Exercise: Pictures are to be left out. Copy exactly, and only, the lines from the start of the entries below to the line with "#31=EDGE_CURVE('E11',#30,#30,#28,.T.);", both included.

Records from a dataset:
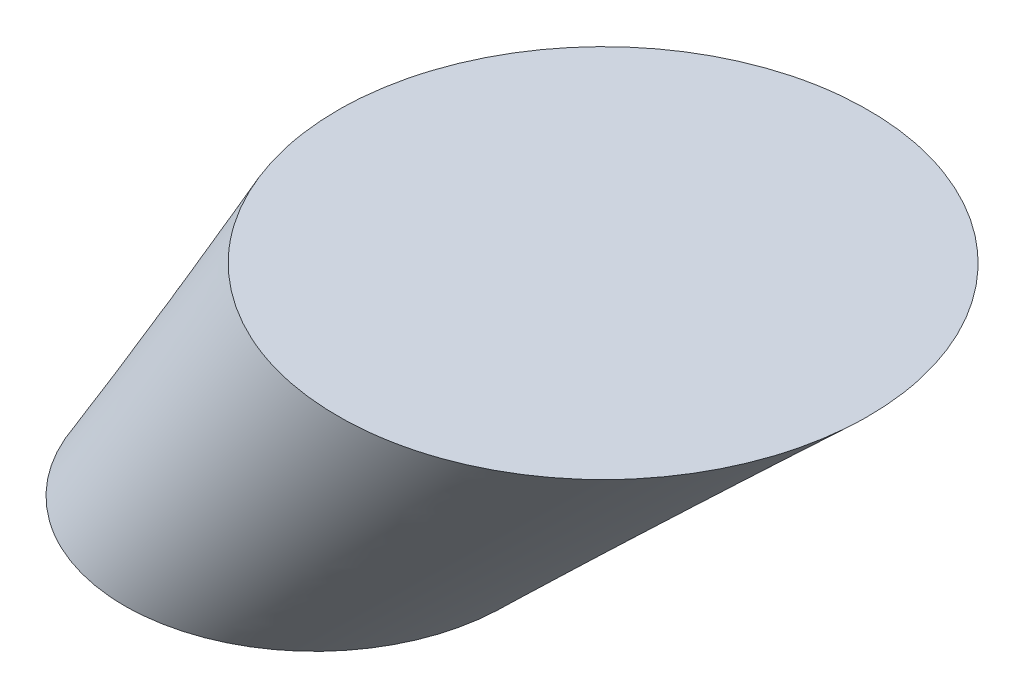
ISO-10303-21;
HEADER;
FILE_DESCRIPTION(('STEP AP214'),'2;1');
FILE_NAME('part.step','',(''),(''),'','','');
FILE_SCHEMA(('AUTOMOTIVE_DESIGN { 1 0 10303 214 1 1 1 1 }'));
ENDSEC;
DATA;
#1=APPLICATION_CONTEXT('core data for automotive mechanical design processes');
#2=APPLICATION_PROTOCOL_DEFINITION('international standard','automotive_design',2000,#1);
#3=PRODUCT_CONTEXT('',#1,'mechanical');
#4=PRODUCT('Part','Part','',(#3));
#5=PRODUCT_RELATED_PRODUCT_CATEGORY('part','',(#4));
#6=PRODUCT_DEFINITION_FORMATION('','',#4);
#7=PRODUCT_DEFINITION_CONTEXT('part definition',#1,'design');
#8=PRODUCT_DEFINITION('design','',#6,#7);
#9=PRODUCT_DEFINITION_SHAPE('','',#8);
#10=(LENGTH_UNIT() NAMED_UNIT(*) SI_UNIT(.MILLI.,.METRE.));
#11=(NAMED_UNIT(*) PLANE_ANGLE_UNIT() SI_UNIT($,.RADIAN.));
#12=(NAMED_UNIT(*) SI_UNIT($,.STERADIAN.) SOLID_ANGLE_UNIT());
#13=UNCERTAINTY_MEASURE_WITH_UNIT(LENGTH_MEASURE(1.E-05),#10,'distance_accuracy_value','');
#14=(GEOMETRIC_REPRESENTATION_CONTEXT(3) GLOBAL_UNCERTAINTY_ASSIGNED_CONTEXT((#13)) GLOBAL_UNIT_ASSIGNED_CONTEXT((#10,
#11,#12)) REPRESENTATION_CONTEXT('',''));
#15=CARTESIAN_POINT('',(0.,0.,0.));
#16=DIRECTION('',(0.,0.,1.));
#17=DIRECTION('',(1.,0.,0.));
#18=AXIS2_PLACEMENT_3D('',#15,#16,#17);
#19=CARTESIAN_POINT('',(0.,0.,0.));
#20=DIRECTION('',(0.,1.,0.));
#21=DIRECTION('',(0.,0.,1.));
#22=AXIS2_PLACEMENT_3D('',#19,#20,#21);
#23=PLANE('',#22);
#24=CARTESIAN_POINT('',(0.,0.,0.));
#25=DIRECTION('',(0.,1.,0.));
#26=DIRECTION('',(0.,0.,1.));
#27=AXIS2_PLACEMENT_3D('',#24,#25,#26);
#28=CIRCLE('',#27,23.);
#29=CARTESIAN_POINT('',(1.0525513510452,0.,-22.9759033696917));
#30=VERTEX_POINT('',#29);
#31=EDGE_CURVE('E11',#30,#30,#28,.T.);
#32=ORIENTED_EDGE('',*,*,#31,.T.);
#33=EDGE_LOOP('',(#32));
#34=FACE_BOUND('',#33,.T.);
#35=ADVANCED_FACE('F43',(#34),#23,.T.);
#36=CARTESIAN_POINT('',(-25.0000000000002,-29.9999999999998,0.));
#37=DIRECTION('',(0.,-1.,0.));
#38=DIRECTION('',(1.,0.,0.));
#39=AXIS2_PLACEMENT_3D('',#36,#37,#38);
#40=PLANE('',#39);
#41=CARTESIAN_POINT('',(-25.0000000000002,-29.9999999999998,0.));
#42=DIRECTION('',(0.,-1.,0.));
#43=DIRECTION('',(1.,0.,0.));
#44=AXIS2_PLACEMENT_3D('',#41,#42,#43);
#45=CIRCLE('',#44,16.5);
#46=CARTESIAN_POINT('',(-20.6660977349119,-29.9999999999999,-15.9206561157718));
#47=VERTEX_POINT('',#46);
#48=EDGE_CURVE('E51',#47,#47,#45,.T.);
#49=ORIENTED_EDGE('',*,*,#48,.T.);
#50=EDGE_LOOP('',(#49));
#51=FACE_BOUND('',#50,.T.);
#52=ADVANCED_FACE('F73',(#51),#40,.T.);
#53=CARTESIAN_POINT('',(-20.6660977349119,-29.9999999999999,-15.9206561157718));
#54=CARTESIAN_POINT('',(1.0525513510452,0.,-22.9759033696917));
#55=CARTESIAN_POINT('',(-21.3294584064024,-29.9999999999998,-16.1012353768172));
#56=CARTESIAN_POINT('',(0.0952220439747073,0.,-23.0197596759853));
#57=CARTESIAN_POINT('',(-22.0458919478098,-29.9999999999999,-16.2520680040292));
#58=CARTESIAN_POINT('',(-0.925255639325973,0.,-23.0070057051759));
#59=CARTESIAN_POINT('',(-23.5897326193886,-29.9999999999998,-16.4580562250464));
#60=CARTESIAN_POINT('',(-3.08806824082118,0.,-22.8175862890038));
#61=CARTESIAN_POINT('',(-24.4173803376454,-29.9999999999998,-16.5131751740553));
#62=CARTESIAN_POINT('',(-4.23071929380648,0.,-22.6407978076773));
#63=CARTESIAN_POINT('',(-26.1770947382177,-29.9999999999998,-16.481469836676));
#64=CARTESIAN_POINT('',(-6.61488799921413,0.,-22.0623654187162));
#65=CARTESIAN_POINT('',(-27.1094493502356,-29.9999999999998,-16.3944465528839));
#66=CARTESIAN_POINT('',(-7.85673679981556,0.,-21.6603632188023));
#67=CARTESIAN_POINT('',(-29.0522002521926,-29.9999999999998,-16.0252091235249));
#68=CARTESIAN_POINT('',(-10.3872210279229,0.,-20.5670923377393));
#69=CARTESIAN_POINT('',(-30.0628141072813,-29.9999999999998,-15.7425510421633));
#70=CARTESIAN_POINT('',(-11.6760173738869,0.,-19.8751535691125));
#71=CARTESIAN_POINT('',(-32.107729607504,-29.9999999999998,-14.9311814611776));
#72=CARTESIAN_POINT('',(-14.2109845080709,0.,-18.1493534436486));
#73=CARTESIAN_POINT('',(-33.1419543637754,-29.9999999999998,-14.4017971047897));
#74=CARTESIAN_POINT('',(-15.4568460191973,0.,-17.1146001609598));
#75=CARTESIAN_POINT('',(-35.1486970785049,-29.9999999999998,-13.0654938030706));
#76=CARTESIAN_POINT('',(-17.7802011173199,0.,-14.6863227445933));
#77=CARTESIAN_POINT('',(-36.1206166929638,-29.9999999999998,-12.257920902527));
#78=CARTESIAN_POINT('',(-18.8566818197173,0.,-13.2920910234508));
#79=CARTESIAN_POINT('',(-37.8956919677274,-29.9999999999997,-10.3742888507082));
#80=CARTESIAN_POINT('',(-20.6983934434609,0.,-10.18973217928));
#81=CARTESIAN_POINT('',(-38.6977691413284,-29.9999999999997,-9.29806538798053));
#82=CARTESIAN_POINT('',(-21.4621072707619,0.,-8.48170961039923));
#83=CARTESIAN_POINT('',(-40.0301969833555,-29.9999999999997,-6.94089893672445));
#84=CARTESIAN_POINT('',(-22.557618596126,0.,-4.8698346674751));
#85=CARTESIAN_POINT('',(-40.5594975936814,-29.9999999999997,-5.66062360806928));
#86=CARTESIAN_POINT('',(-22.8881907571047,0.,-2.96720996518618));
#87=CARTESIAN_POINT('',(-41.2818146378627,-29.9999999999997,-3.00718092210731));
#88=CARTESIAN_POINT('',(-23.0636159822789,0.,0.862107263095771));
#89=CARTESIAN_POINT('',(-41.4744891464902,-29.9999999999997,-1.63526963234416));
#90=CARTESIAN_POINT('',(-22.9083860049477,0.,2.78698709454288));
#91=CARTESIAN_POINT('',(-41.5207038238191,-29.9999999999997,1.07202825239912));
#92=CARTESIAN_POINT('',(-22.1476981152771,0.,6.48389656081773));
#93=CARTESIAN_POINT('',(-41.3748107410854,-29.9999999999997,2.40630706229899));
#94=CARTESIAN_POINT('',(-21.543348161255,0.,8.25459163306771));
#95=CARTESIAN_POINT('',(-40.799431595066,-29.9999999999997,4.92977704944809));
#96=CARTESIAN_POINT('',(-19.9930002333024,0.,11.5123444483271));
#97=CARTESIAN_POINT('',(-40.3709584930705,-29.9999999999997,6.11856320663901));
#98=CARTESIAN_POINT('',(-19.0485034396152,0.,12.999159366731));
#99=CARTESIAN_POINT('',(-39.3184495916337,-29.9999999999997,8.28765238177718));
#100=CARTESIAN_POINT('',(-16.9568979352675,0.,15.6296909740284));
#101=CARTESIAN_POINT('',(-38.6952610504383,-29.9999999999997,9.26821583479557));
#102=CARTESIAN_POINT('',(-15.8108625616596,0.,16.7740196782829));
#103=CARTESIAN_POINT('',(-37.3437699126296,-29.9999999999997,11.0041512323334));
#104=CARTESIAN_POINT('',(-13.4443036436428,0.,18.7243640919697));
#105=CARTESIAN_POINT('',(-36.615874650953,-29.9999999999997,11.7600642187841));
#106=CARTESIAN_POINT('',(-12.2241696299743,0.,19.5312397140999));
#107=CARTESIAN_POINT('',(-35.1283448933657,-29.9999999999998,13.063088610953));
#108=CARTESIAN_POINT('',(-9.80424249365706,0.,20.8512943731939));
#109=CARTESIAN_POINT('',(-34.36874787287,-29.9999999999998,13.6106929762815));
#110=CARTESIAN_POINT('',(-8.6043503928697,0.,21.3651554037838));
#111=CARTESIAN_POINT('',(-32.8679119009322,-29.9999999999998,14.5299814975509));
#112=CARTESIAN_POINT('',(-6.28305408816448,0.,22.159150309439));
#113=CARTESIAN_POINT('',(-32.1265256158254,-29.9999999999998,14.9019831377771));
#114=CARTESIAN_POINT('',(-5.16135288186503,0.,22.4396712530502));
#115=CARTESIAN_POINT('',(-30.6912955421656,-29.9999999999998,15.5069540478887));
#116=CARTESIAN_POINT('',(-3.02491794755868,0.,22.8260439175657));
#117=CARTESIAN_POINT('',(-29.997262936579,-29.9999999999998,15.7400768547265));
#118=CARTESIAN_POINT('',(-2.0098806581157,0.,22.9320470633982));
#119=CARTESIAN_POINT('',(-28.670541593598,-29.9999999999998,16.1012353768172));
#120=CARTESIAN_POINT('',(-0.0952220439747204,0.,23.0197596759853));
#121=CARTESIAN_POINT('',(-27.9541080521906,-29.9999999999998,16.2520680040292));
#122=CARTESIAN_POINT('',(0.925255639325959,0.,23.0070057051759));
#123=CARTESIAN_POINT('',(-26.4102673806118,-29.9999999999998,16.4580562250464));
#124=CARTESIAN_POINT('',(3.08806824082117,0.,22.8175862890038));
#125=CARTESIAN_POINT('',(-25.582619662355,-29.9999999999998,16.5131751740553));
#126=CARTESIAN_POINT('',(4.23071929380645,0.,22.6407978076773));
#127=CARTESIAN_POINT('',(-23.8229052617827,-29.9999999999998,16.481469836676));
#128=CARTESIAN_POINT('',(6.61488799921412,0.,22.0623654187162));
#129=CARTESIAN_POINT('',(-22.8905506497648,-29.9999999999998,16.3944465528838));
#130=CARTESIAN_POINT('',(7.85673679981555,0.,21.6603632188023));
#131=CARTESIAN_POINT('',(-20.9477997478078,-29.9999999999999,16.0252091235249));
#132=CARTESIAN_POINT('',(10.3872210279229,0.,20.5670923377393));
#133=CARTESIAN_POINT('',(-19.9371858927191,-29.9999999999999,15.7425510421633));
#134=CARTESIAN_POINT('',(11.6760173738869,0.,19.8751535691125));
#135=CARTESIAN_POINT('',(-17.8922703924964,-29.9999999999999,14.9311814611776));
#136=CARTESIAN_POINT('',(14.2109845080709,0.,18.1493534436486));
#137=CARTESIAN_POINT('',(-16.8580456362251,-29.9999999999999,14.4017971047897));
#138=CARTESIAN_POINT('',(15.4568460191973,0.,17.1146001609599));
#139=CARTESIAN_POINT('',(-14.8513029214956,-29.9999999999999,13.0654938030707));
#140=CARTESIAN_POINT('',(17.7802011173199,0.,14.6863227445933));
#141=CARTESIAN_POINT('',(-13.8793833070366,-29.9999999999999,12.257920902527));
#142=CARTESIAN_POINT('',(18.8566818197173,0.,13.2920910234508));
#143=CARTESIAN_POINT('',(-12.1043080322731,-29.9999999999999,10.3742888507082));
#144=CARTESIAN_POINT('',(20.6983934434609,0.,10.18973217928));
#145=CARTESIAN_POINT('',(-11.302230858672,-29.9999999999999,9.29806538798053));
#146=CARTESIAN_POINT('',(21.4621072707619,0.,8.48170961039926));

Output below:
ISO-10303-21;
HEADER;
FILE_DESCRIPTION(('STEP AP214'),'2;1');
FILE_NAME('part.step','',(''),(''),'','','');
FILE_SCHEMA(('AUTOMOTIVE_DESIGN { 1 0 10303 214 1 1 1 1 }'));
ENDSEC;
DATA;
#1=APPLICATION_CONTEXT('core data for automotive mechanical design processes');
#2=APPLICATION_PROTOCOL_DEFINITION('international standard','automotive_design',2000,#1);
#3=PRODUCT_CONTEXT('',#1,'mechanical');
#4=PRODUCT('Part','Part','',(#3));
#5=PRODUCT_RELATED_PRODUCT_CATEGORY('part','',(#4));
#6=PRODUCT_DEFINITION_FORMATION('','',#4);
#7=PRODUCT_DEFINITION_CONTEXT('part definition',#1,'design');
#8=PRODUCT_DEFINITION('design','',#6,#7);
#9=PRODUCT_DEFINITION_SHAPE('','',#8);
#10=(LENGTH_UNIT() NAMED_UNIT(*) SI_UNIT(.MILLI.,.METRE.));
#11=(NAMED_UNIT(*) PLANE_ANGLE_UNIT() SI_UNIT($,.RADIAN.));
#12=(NAMED_UNIT(*) SI_UNIT($,.STERADIAN.) SOLID_ANGLE_UNIT());
#13=UNCERTAINTY_MEASURE_WITH_UNIT(LENGTH_MEASURE(1.E-05),#10,'distance_accuracy_value','');
#14=(GEOMETRIC_REPRESENTATION_CONTEXT(3) GLOBAL_UNCERTAINTY_ASSIGNED_CONTEXT((#13)) GLOBAL_UNIT_ASSIGNED_CONTEXT((#10,
#11,#12)) REPRESENTATION_CONTEXT('',''));
#15=CARTESIAN_POINT('',(0.,0.,0.));
#16=DIRECTION('',(0.,0.,1.));
#17=DIRECTION('',(1.,0.,0.));
#18=AXIS2_PLACEMENT_3D('',#15,#16,#17);
#19=CARTESIAN_POINT('',(0.,0.,0.));
#20=DIRECTION('',(0.,1.,0.));
#21=DIRECTION('',(0.,0.,1.));
#22=AXIS2_PLACEMENT_3D('',#19,#20,#21);
#23=PLANE('',#22);
#24=CARTESIAN_POINT('',(0.,0.,0.));
#25=DIRECTION('',(0.,1.,0.));
#26=DIRECTION('',(0.,0.,1.));
#27=AXIS2_PLACEMENT_3D('',#24,#25,#26);
#28=CIRCLE('',#27,23.);
#29=CARTESIAN_POINT('',(1.0525513510452,0.,-22.9759033696917));
#30=VERTEX_POINT('',#29);
#31=EDGE_CURVE('E11',#30,#30,#28,.T.);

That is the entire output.